# Franke Saphira brew unit malfunction 8



## Coffeeafix (Jun 16, 2015)

Hi, I have just rebuilt the brew group for a franke Saphira. It all works fine manually out of the machine. No Jams all moving smooth. When it is back in the machine. the unit is driven down then back up. The machine then keeps driving the brew unit up causing the drive to slip then comes up with the malfunction 8 message. Where am I going wrong???


----------



## espressotechno (Apr 11, 2011)

Error 8 means that the brewer unit is unable to be calibrated: On startup, the unit cycles once or twice while the encoder determines the timing for the top & bottom of each cycle. If all is well then the machine proceeds to heat up etc. If not you get error 8.....

* Before fitting the brewer unit ensure that the brew chamber is in the parked/open position (piston visible at bottom of chamber)

* Ensure that the brewer unit is correctly bolted in position - usually needs a good "wriggling".

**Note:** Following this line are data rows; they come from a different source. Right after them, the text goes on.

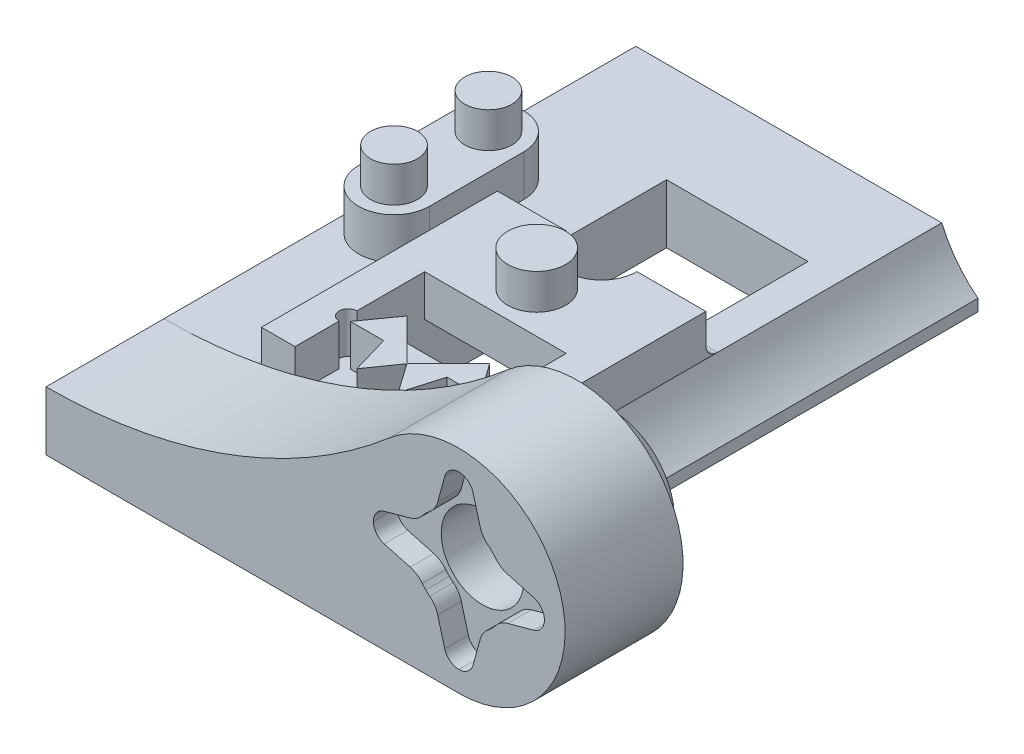
SolidWorks part; units mm, degrees
ref_plane "Front Plane" through (0, 0, 0) normal (0, 0, 1) x (1, 0, 0)
ref_plane "Top Plane" through (0, 0, 0) normal (0, 1, 0) x (1, 0, 0)
ref_plane "Right Plane" through (0, 0, 0) normal (1, 0, 0) x (0, 0, -1)
sketch "Sketch2" plane through (0, 0, 0) normal (0, 0, 1) x (1, 0, 0)
  line L0 (0, -9) -> (-35, -9)
  line L1 (-35, -9) -> (-35, -4)
  circle A0 centre (0, 0) radius 9
  arc A1 (-35, -4) -> (-5.8726, 6.82) centre (-35.0202, 40.6697) ccw
  dimension "D1" = 18
  dimension "D2" = 5
  dimension "D4" = 10.82
  dimension "D3" = 35
extrude "Boss-Extrude1" add sketch "Sketch2" along normal blind 10 contours A1 L1 L0 A0 | A0 region at (-18.5529, -4.8443, 0) region at (0, 0, 0)
sketch "Sketch3" plane through (0, 0, 0) normal (0, 0, -1) x (-1, 0, 0)
  circle A0 centre (0, 0) radius 7
  dimension "D1" = 14
extrude "Boss-Extrude2" add sketch "Sketch3" along normal blind 3 draft 30
sketch "Sketch4" plane through (0, 0, 10) normal (0, 0, 1) x (1, 0, 0)
  line L0 (0, -7.25) -> (0, 7.25) construction
  line L1 (1.2, -6.33) -> (1.8, -4.1378)
  line L2 (0, 0) -> (12.2438, 0) construction
  line L3 (0, 0) -> (8.3889, -8.3889) construction
  line L4 (6.33, -1.2) -> (4.1378, -1.8)
  line L5 (6.33, 1.2) -> (4.1378, 1.8)
  line L6 (1.2, 6.33) -> (1.8, 4.1378)
  line L7 (-1.2, 6.33) -> (-1.8, 4.1378)
  line L8 (-6.33, 1.2) -> (-4.1378, 1.8)
  line L9 (-6.33, -1.2) -> (-4.1378, -1.8)
  line L10 (-1.2, -6.33) -> (-1.8, -4.1378)
  arc A0 (0, -7.25) -> (1.2, -6.33) centre (-0.0057, -6) ccw
  arc A1 (1.8, -4.1378) -> (2.48, -3.1078) centre (3.7276, -4.671) cw
  arc A2 (2.48, -3.1078) -> (2.8116, -2.8116) centre (-0.0153, 0.0185) ccw
  arc A3 (3.1078, -2.48) -> (2.8116, -2.8116) centre (-0.0185, 0.0153) cw
  arc A4 (4.1378, -1.8) -> (3.1078, -2.48) centre (4.671, -3.7276) ccw
  arc A5 (7.25, 0) -> (6.33, -1.2) centre (6, 0.0057) cw
  arc A6 (7.25, 0) -> (6.33, 1.2) centre (6, -0.0057) ccw
  arc A7 (4.1378, 1.8) -> (3.1078, 2.48) centre (4.671, 3.7276) cw
  arc A8 (3.1078, 2.48) -> (2.8116, 2.8116) centre (-0.0185, -0.0153) ccw
  arc A9 (2.48, 3.1078) -> (2.8116, 2.8116) centre (-0.0153, -0.0185) cw
  arc A10 (1.8, 4.1378) -> (2.48, 3.1078) centre (3.7276, 4.671) ccw
  arc A11 (0, 7.25) -> (1.2, 6.33) centre (-0.0057, 6) cw
  arc A12 (0, 7.25) -> (-1.2, 6.33) centre (0.0057, 6) ccw
  arc A13 (-1.8, 4.1378) -> (-2.48, 3.1078) centre (-3.7276, 4.671) cw
  arc A14 (-2.48, 3.1078) -> (-2.8116, 2.8116) centre (0.0153, -0.0185) ccw
  arc A15 (-3.1078, 2.48) -> (-2.8116, 2.8116) centre (0.0185, -0.0153) cw
  arc A16 (-4.1378, 1.8) -> (-3.1078, 2.48) centre (-4.671, 3.7276) ccw
  arc A17 (-7.25, 0) -> (-6.33, 1.2) centre (-6, -0.0057) cw
  arc A18 (-7.25, 0) -> (-6.33, -1.2) centre (-6, 0.0057) ccw
  arc A19 (-4.1378, -1.8) -> (-3.1078, -2.48) centre (-4.671, -3.7276) cw
  arc A20 (-3.1078, -2.48) -> (-2.8116, -2.8116) centre (0.0185, 0.0153) ccw
  arc A21 (-2.48, -3.1078) -> (-2.8116, -2.8116) centre (0.0153, 0.0185) cw
  arc A22 (-1.8, -4.1378) -> (-2.48, -3.1078) centre (-3.7276, -4.671) ccw
  arc A23 (0, -7.25) -> (-1.2, -6.33) centre (0.0057, -6) cw
  point P4 (0, 0)
  point P10 (0, 0)
  dimension "D4" = 1.25
  dimension "D7" = 2
  dimension "D11" = 4
  dimension "D1" = 14.5
  dimension "D2" = 0.92
  dimension "D3" = 1.2
  dimension "D5" = 0.6
  dimension "D6" = 1.03
  dimension "D8" = 0.68
  dimension "D12" = 45
extrude "Cut-Extrude1" cut sketch "Sketch4" against normal blind 2
sketch "Sketch5" plane through (0, 0, 0) normal (0, 0, -1) x (-1, 0, 0)
  line L0 (35, -9) -> (35, -4)
  line L1 (35, -4) -> (9.07, -4)
  line L2 (35, -9) -> (6, -9)
  line L3 (0, -9) -> (35, -9) construction
  line L4 (6, -9) -> (6, -8)
  arc A0 (6, -8) -> (9.07, -4) centre (-0.1416, -0.1082) ccw
  dimension "D4" = 10
  dimension "D1" = 29
  dimension "D2" = 25.93
  dimension "D3" = 1
extrude "Boss-Extrude3" add sketch "Sketch5" along normal blind 40
sketch "Sketch6" plane through (0, -4, 0) normal (0, 1, 0) x (1, 0, 0)
  line L0 (-9.07, 40) -> (-9.07, 0) construction
  line L1 (-11.9, 31.5) -> (-23.9, 31.5)
  line L2 (-11.9, 31.5) -> (-11.9, 8.5)
  line L3 (-11.9, 8.5) -> (-23.9, 8.5)
  line L4 (-23.9, 31.5) -> (-23.9, 8.5)
  line L5 (-35, 40) -> (-9.07, 40) construction
  dimension "D1" = 12
  dimension "D2" = 23
  dimension "D3" = 2.83
  dimension "D4" = 8.5
extrude "Cut-Extrude3" cut sketch "Sketch6" against normal through all
sketch "Sketch7" plane through (0, -4, 0) normal (0, 1, 0) x (1, 0, 0)
  line L0 (-11.9, 20) -> (-51.1, 20) construction
  line L1 (-11.9, 8.5) -> (-11.9, 31.5) construction
  line L2 (-31.5, 16) -> (-31.5, 24) construction
  line L3 (-34.5, 16) -> (-34.5, 24)
  line L4 (-28.5, 16) -> (-28.5, 24)
  line L5 (-35, 40) -> (-35, 0) construction
  arc A0 (-34.5, 16) -> (-28.5, 16) centre (-31.5, 16) ccw
  arc A1 (-28.5, 24) -> (-34.5, 24) centre (-31.5, 24) ccw
  point P6 (-31.5, 20)
  dimension "D2" = 3
  dimension "D1" = 0.5
  dimension "D3" = 8
extrude "Boss-Extrude4" add sketch "Sketch7" along normal blind 3.5
sketch "Sketch8" plane through (0, -0.5, 0) normal (0, 1, 0) x (1, 0, 0)
  line L0 (-34.5, 20) -> (-28.5, 20) construction
  line L1 (-34.5, 24) -> (-34.5, 16) construction
  line L2 (-28.5, 16) -> (-28.5, 24) construction
  line L3 (-31.5, 20) -> (-31.5, 24) construction
  circle A0 centre (-31.5, 24) radius 2
  circle A1 centre (-31.5, 16) radius 2
  dimension "D2" = 4
  dimension "D1" = 4
extrude "Boss-Extrude5" add sketch "Sketch8" along normal blind 3
sketch "Sketch9" plane through (0, 0, -3) normal (0, 0, -1) x (-1, 0, 0)
  circle A0 centre (0, 0) radius 3.5
  dimension "D1" = 7
extrude "Cut-Extrude4" cut sketch "Sketch9" against normal through all
sketch "Sketch10" plane through (0, -4, 0) normal (0, 1, 0) x (1, 0, 0)
  line L0 (-26.74, 0) -> (-26.74, 20)
  line L1 (-35, 0) -> (-9.07, 0) construction
  line L2 (-26.74, 20) -> (-20.91, 20)
  line L3 (-14.91, 20) -> (-9.07, 20)
  line L4 (-9.07, 40) -> (-9.07, 0) construction
  line L5 (-20.91, 20) -> (-14.91, 20) construction
  line L6 (-9.07, 20) -> (-9.07, 0)
  line L7 (-23.9, 3.75) -> (-23.9, 0)
  line L8 (-23.9, 31.5) -> (-23.9, 8.5) construction
  line L9 (-23.9, 3.75) -> (-23.9, 5.25) construction
  line L10 (-23.9, 5.25) -> (-23.9, 11)
  line L11 (-23.9, 11) -> (-11.9, 11)
  line L12 (-17.9, 8.5) -> (-17.9, 13.5) construction
  line L13 (-23.9, 8.5) -> (-11.9, 8.5) construction
  line L14 (-11.9, 3.75) -> (-11.9, 0)
  line L15 (-11.9, 5.25) -> (-11.9, 11)
  line L16 (-26.74, 0) -> (-23.9, 0)
  line L17 (-11.9, 0) -> (-9.07, 0)
  arc A0 (-20.91, 20) -> (-14.91, 20) centre (-17.91, 20) ccw
  arc A1 (-23.9, 5.25) -> (-23.9, 3.75) centre (-23.9, 4.5) ccw
  arc A2 (-11.9, 5.25) -> (-11.9, 3.75) centre (-11.9, 4.5) cw
  point P29 (-17.9, 11)
  dimension "D4" = 6
  dimension "D7" = 0.75
  dimension "D1" = 20
  dimension "D2" = 17.67
  dimension "D3" = 5.83
  dimension "D5" = 3.75
  dimension "D6" = 11
extrude "Boss-Extrude6" add sketch "Sketch10" along normal blind 3.5
sketch "Sketch11" plane through (0, -0.5, 0) normal (0, 1, 0) x (1, 0, 0)
  line L0 (-17.91, 17) -> (-17.9, 11) construction
  line L1 (-23.9, 11) -> (-11.9, 11) construction
  arc A0 (-20.91, 20) -> (-14.91, 20) centre (-17.91, 20) ccw construction
  circle A1 centre (-17.9058, 14.5) radius 2.45
  dimension "D1" = 4.9
  dimension "D2" = 2.5
extrude "Boss-Extrude7" add sketch "Sketch11" along normal blind 3
sketch "Sketch12" plane through (0, -4, 0) normal (0, 1, 0) x (1, 0, 0)
  line L0 (-26.74, 4.2) -> (-9.07, 4.2) construction
  line L1 (-20.58, 4.2) -> (-19.65, 1)
  line L2 (-19.65, 1) -> (-17.93, 3.45)
  line L3 (-26.74, 20) -> (-26.74, 0) construction
  line L4 (-9.07, 0) -> (-9.07, 20) construction
  line L5 (-5.8726, 0) -> (-23.9, 0) construction
  line L6 (-17.9, 8.5) -> (-17.9, 0) construction
  line L7 (-23.9, 8.5) -> (-11.9, 8.5) construction
  line L8 (-23.9, 0) -> (-11.9, 0) construction
  line L9 (-20.58, 4.2) -> (-23.4, 4.2)
  line L10 (-23.4, 4.2) -> (-21.4, 7)
  line L11 (-17.93, 3.45) -> (-17.87, 3.45)
  line L12 (-21.4, 7) -> (-17.95, 3.55)
  line L13 (-17.95, 3.55) -> (-17.85, 3.55)
  line L14 (-14.4, 7) -> (-17.85, 3.55)
  line L15 (-12.4, 4.2) -> (-14.4, 7)
  line L16 (-15.22, 4.2) -> (-12.4, 4.2)
  line L17 (-16.15, 1) -> (-17.87, 3.45)
  line L18 (-15.22, 4.2) -> (-16.15, 1)
  point P23 (-17.9, 3.55)
  point P25 (-17.9, 3.45)
  dimension "D1" = 4.2
  dimension "D2" = 2.82
  dimension "D3" = 2
  dimension "D4" = 3.5
  dimension "D5" = 0.93
  dimension "D6" = 1.72
  dimension "D7" = 0.03
  dimension "D8" = 0.1
  dimension "D9" = 0.05
  dimension "D10" = 3.45
  dimension "D11" = 3.2
  dimension "D12" = 2.8
extrude "Boss-Extrude9" add sketch "Sketch12" along normal blind 3.5
fillet "Fillet1" radius 1 3 edges at (-10.485, -4, -20) (-25.32, -4, -20) (-26.74, -4, -10)

* Check that the encoder (small black box) is securely fastened to the drive motor - there should be a stainless steel clamp holding it firm.


----------



## Coffeeafix (Jun 16, 2015)

espressotechno said:


> Error 8 means that the brewer unit is unable to be calibrated: On startup, the unit cycles once or twice while the encoder determines the timing for the top & bottom of each cycle. If all is well then the machine proceeds to heat up etc. If not you get error 8.....
> 
> * Before fitting the brewer unit ensure that the brew chamber is in the parked/open position (piston visible at bottom of chamber)
> 
> ...


Thanks will give it a try again.


----------